Unless you restarted by hitting the reset button on the case this won't be the case. If windows is told to shutdown or restart or any such activity it will close all open applications, flush on remaining writes to disk and then kill all running processes before powering off. You don't need to unmount a device when restarting a computer the normal way. And this includes older computers which didn't disable write caching either.


----------



## asiong (May 3, 2013)

i see in my case no message show in my monitor i need to restart my computer to run the chkdsk or scandisk. 
i just try only to restart my computer and i do not click the restart button in my cpu i just click the start button in my desktop then click turn of computer and then click the restart button but in the sad story after restaring my computer i don't know why some error message like this show in my screen:
Checking file system on E: The type of the file system is FAT.
_and after that i don't know why my 2 folders in my memory card was changed now to file type
anyway sir you have any idea how to solve this problem? or if its any posible software can i use to back my folder changed to file type and back to the original old folder? or what i need to do to recover and get back all my photos inside in that folder thanks

_


----------



## Garbz (May 4, 2013)

Have a read at this link. It may be able to help you: 7 Ways To Recover CHK Files Created by CHKDSK and SCANDISK ? Raymond.CC


----------



## asiong (Jun 3, 2013)

Hi guys i just want to say thank you for all the people who read and reply in this topic i really appreciate your help guys to solve this problem. 

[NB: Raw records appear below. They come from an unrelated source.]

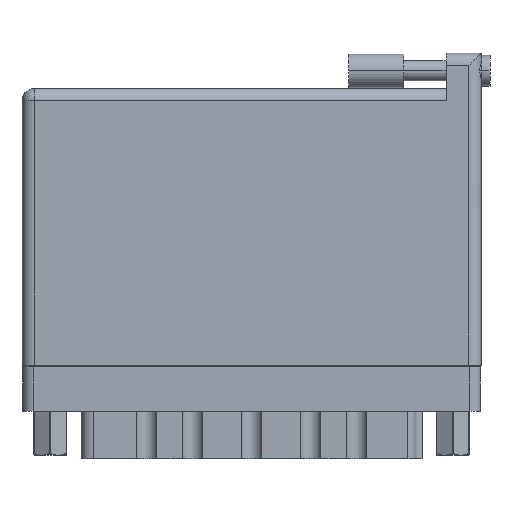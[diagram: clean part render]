
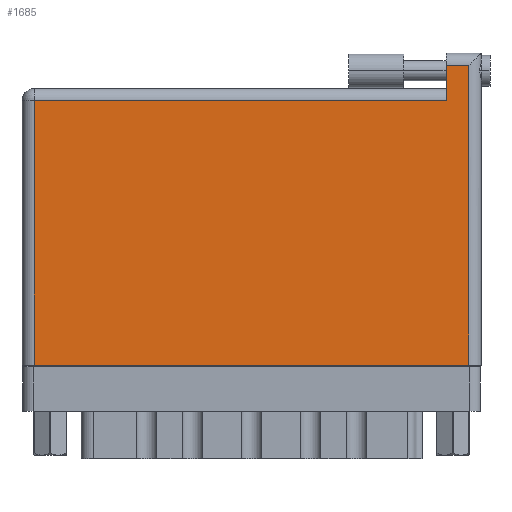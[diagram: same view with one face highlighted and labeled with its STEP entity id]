
A CAD part, front view. The second image highlights one B-rep face of the part: STEP entity #1685.
In plain terms, the highlighted face is planar.
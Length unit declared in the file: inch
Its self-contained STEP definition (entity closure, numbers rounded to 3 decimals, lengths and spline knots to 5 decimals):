
#392 = VERTEX_POINT ( 'NONE', #28552 ) ;
#461 = LINE ( 'NONE', #15792, #16886 ) ;
#551 = CARTESIAN_POINT ( 'NONE',  ( 0., 1.496, 0. ) ) ;
#644 = ORIENTED_EDGE ( 'NONE', *, *, #23811, .T. ) ;
#845 = CARTESIAN_POINT ( 'NONE',  ( 2.53, 0., 0. ) ) ;
#1685 = ADVANCED_FACE ( 'NONE', ( #31054 ), #45252, .F. ) ;
#2290 = CARTESIAN_POINT ( 'NONE',  ( 0., 1.566, 0. ) ) ;
#2694 = DIRECTION ( 'NONE',  ( 0., 1., 0. ) ) ;
#3920 = CARTESIAN_POINT ( 'NONE',  ( 2.403, 1.496, 0. ) ) ;
#4866 = EDGE_LOOP ( 'NONE', ( #53716, #644, #40149, #21414, #25708, #31197 ) ) ;
#8179 = VERTEX_POINT ( 'NONE', #42937 ) ;
#8486 = CARTESIAN_POINT ( 'NONE',  ( 0.07, 0., 0. ) ) ;
#11855 = VECTOR ( 'NONE', #23810, 39.37008 ) ;
#12341 = CARTESIAN_POINT ( 'NONE',  ( 2.53, 1.766, 0. ) ) ;
#12845 = VERTEX_POINT ( 'NONE', #8486 ) ;
#13708 = CARTESIAN_POINT ( 'NONE',  ( 2.53, 1.696, 0. ) ) ;
#15007 = AXIS2_PLACEMENT_3D ( 'NONE', #2290, #35792, #20717 ) ;
#15792 = CARTESIAN_POINT ( 'NONE',  ( 0.07, 0., 0. ) ) ;
#16661 = EDGE_CURVE ( 'NONE', #49602, #8179, #55534, .T. ) ;
#16886 = VECTOR ( 'NONE', #20589, 39.37008 ) ;
#20490 = EDGE_CURVE ( 'NONE', #8179, #12845, #461, .T. ) ;
#20589 = DIRECTION ( 'NONE',  ( 0., -1., 0. ) ) ;
#20717 = DIRECTION ( 'NONE',  ( -1., 0., 0. ) ) ;
#21414 = ORIENTED_EDGE ( 'NONE', *, *, #59892, .T. ) ;
#21936 = LINE ( 'NONE', #12341, #61721 ) ;
#22831 = VERTEX_POINT ( 'NONE', #13708 ) ;
#23471 = VERTEX_POINT ( 'NONE', #845 ) ;
#23810 = DIRECTION ( 'NONE',  ( 0., -1., 0. ) ) ;
#23811 = EDGE_CURVE ( 'NONE', #23471, #22831, #21936, .T. ) ;
#25372 = CARTESIAN_POINT ( 'NONE',  ( 0., 0., 0. ) ) ;
#25708 = ORIENTED_EDGE ( 'NONE', *, *, #16661, .T. ) ;
#26077 = LINE ( 'NONE', #42486, #11855 ) ;
#28552 = CARTESIAN_POINT ( 'NONE',  ( 2.403, 1.696, 0. ) ) ;
#31054 = FACE_OUTER_BOUND ( 'NONE', #4866, .T. ) ;
#31197 = ORIENTED_EDGE ( 'NONE', *, *, #20490, .T. ) ;
#31932 = EDGE_CURVE ( 'NONE', #22831, #392, #56163, .T. ) ;
#33673 = DIRECTION ( 'NONE',  ( -1., 0., 0. ) ) ;
#35792 = DIRECTION ( 'NONE',  ( 0., 0., -1. ) ) ;
#40149 = ORIENTED_EDGE ( 'NONE', *, *, #31932, .T. ) ;
#41227 = VECTOR ( 'NONE', #43290, 39.37008 ) ;
#42486 = CARTESIAN_POINT ( 'NONE',  ( 2.403, 1.766, 0. ) ) ;
#42937 = CARTESIAN_POINT ( 'NONE',  ( 0.07, 1.496, 0. ) ) ;
#43290 = DIRECTION ( 'NONE',  ( -1., 0., 0. ) ) ;
#43402 = VECTOR ( 'NONE', #33673, 39.37008 ) ;
#45252 = PLANE ( 'NONE',  #15007 ) ;
#49602 = VERTEX_POINT ( 'NONE', #3920 ) ;
#52847 = CARTESIAN_POINT ( 'NONE',  ( 0., 1.696, 0. ) ) ;
#53716 = ORIENTED_EDGE ( 'NONE', *, *, #56164, .T. ) ;
#55205 = LINE ( 'NONE', #25372, #55975 ) ;
#55534 = LINE ( 'NONE', #551, #41227 ) ;
#55975 = VECTOR ( 'NONE', #58960, 39.37008 ) ;
#56163 = LINE ( 'NONE', #52847, #43402 ) ;
#56164 = EDGE_CURVE ( 'NONE', #12845, #23471, #55205, .T. ) ;
#58960 = DIRECTION ( 'NONE',  ( 1., 0., 0. ) ) ;
#59892 = EDGE_CURVE ( 'NONE', #392, #49602, #26077, .T. ) ;
#61721 = VECTOR ( 'NONE', #2694, 39.37008 ) ;

Anyway I'm so happy to say i solve my problem now guys.
i used this program called "ZAR or Zero Assumption Recovery version 9.2"


how i solve this problem?


First: i download the ZAR 9.2 and i install this software in my Drive:C


2nd: i just want to recover only all the photos and videos in my 2 folders changed to file type in my memory card. the name of this 2 folders was converted now to file type is: "Images and Video clips" folders.


so after i download and i install this software i connect my memory card to the storage device of my computer using my card reader and the drive or the letter of my memory card is letter: F or Drive: (F 


then after that i open the Zero Assumption Recovery software and i choose the "Image Recovery (Free)" option to recover my files. then i scan the drive letter of my memory card in Drive:F and this software is very fast because i finish to scan my memory card i think in 5 minutes only.


3rd: after my scan is finish i see 2219 files in the list of my ROOT folder
and i save all this 2219 files i recover in my Local Disk (D or drive


then after i finish to recover and save all my files in my drive
i close this software and i go to my drive to check all the files i recover


here the result of all the files i recover. 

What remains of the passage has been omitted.